**WORK TO COMPLETE:** Copy every record exactly as it stands. Leave the pictures out.

[Extracted records]
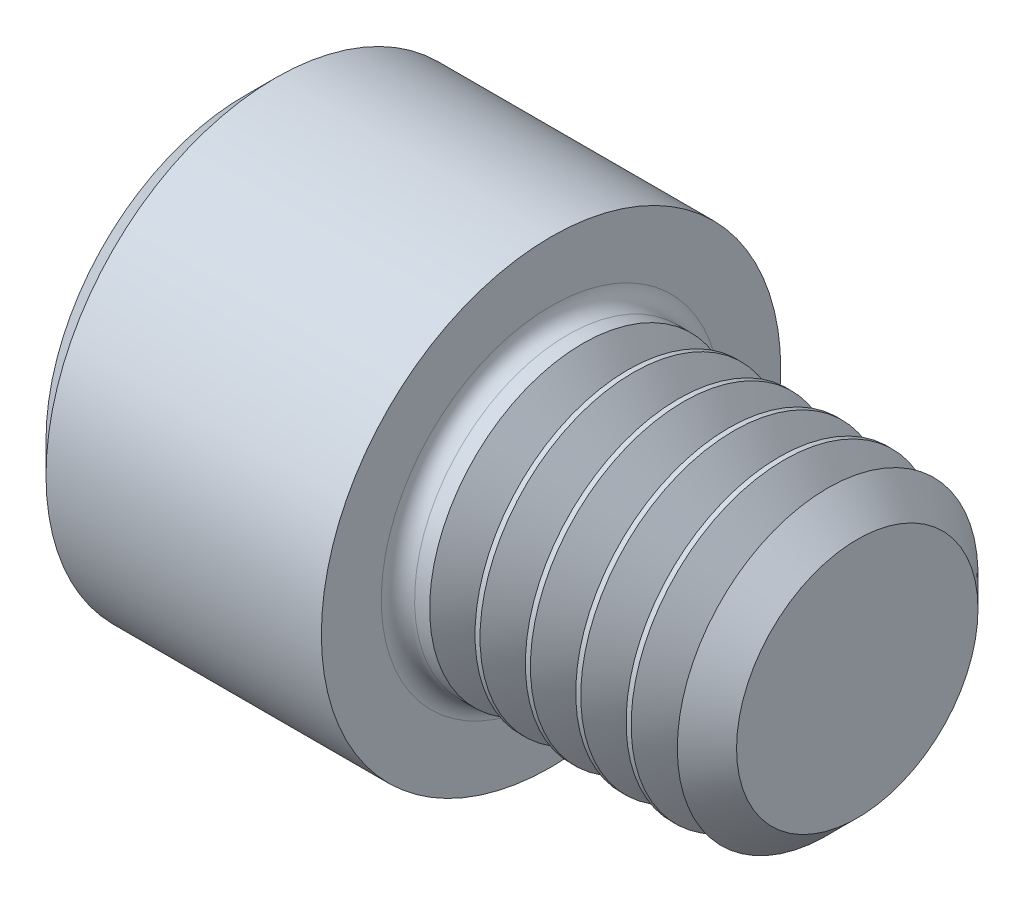
from build123d import *

# Parameters (mm, degrees)
FILLET1_R       = 0.4318
HEX_2_DEPTH     = 3.8354
THDSCHPAT_COUNT = 5
THDSCHPAT_PITCH = 1.30556


with BuildPart() as part:
    # BodySke → Base-Revolve (revolve)
    with BuildSketch(Plane.XY, mode=Mode.PRIVATE) as base_revolve_sk:
        Polygon((0, 0), (0, 5.15366), (0.8001, 5.95376), (7.9375, 5.95376), (7.9375, 3.96875), (15.03553, 3.96875), (15.875, 3.12928), (15.875, 0), align=None)
    revolve(base_revolve_sk.sketch.rotate(Axis((-31.75, 0, 0), (1, 0, 0)), 90), axis=Axis((-31.75, 0, 0), (1, 0, 0)))

    # Fillet1
    fillet1_edges = [part.edges().sort_by_distance(p)[0] for p in [
        (7.9375, 0, -3.96875),
    ]]
    fillet(fillet1_edges, radius=FILLET1_R)

    # Sketch2 → Hex-PreBroach (revolve, cut)
    with BuildSketch(Plane.XY, mode=Mode.PRIVATE) as hex_prebroach_sk:
        Polygon((0, 3.175), (3.8354, 3.175), (5.668487105, 0), (0, 0), align=None)
    revolve(hex_prebroach_sk.sketch.rotate(Axis((0, 0, 0), (1, 0, 0)), 90), axis=Axis((0, 0, 0), (1, 0, 0)), mode=Mode.SUBTRACT)

    # Sketch3 → Hex 2 (cut)
    with BuildSketch(Plane(origin=(0, 0, 0), x_dir=(0, 0.500000000000001, 0.866025403784438), z_dir=(-1, 0, 0))):
        Polygon((1.833087105, 3.175), (-1.833087105, 3.175), (-3.666174209, 0), (-1.833087105, -3.175), (1.833087105, -3.175), (3.666174209, 0), align=None)
    extrude(amount=-HEX_2_DEPTH, mode=Mode.SUBTRACT)

    # ThdSchSke → ThreadSchematic (revolve, cut)
    with BuildSketch(Plane.XY):
        Polygon((9.3472, -3.12928), (8.759396778, -3.96875), (8.759396778, -4.9609375), (9.935003222, -4.9609375), (9.935003222, -3.96875), align=None)
    threadschematic = revolve(axis=Axis((-3.175, 0, 0), (1, 0, 0)), mode=Mode.SUBTRACT)

    # ThdSchPat: ThreadSchematic ×5
    with Locations(*[(i * THDSCHPAT_PITCH, 0, 0) for i in range(1, THDSCHPAT_COUNT)]):
        add(threadschematic, mode=Mode.SUBTRACT)


solid = part.part

**RESULT OF THE TASK:**
from build123d import *

# Parameters (mm, degrees)
FILLET1_R       = 0.4318
HEX_2_DEPTH     = 3.8354
THDSCHPAT_COUNT = 5
THDSCHPAT_PITCH = 1.30556


with BuildPart() as part:
    # BodySke → Base-Revolve (revolve)
    with BuildSketch(Plane.XY, mode=Mode.PRIVATE) as base_revolve_sk:
        Polygon((0, 0), (0, 5.15366), (0.8001, 5.95376), (7.9375, 5.95376), (7.9375, 3.96875), (15.03553, 3.96875), (15.875, 3.12928), (15.875, 0), align=None)
    revolve(base_revolve_sk.sketch.rotate(Axis((-31.75, 0, 0), (1, 0, 0)), 90), axis=Axis((-31.75, 0, 0), (1, 0, 0)))

    # Fillet1
    fillet1_edges = [part.edges().sort_by_distance(p)[0] for p in [
        (7.9375, 0, -3.96875),
    ]]
    fillet(fillet1_edges, radius=FILLET1_R)

    # Sketch2 → Hex-PreBroach (revolve, cut)
    with BuildSketch(Plane.XY, mode=Mode.PRIVATE) as hex_prebroach_sk:
        Polygon((0, 3.175), (3.8354, 3.175), (5.668487105, 0), (0, 0), align=None)
    revolve(hex_prebroach_sk.sketch.rotate(Axis((0, 0, 0), (1, 0, 0)), 90), axis=Axis((0, 0, 0), (1, 0, 0)), mode=Mode.SUBTRACT)

    # Sketch3 → Hex 2 (cut)
    with BuildSketch(Plane(origin=(0, 0, 0), x_dir=(0, 0.500000000000001, 0.866025403784438), z_dir=(-1, 0, 0))):
        Polygon((1.833087105, 3.175), (-1.833087105, 3.175), (-3.666174209, 0), (-1.833087105, -3.175), (1.833087105, -3.175), (3.666174209, 0), align=None)
    extrude(amount=-HEX_2_DEPTH, mode=Mode.SUBTRACT)

    # ThdSchSke → ThreadSchematic (revolve, cut)
    with BuildSketch(Plane.XY):
        Polygon((9.3472, -3.12928), (8.759396778, -3.96875), (8.759396778, -4.9609375), (9.935003222, -4.9609375), (9.935003222, -3.96875), align=None)
    threadschematic = revolve(axis=Axis((-3.175, 0, 0), (1, 0, 0)), mode=Mode.SUBTRACT)

    # ThdSchPat: ThreadSchematic ×5
    with Locations(*[(i * THDSCHPAT_PITCH, 0, 0) for i in range(1, THDSCHPAT_COUNT)]):
        add(threadschematic, mode=Mode.SUBTRACT)


solid = part.part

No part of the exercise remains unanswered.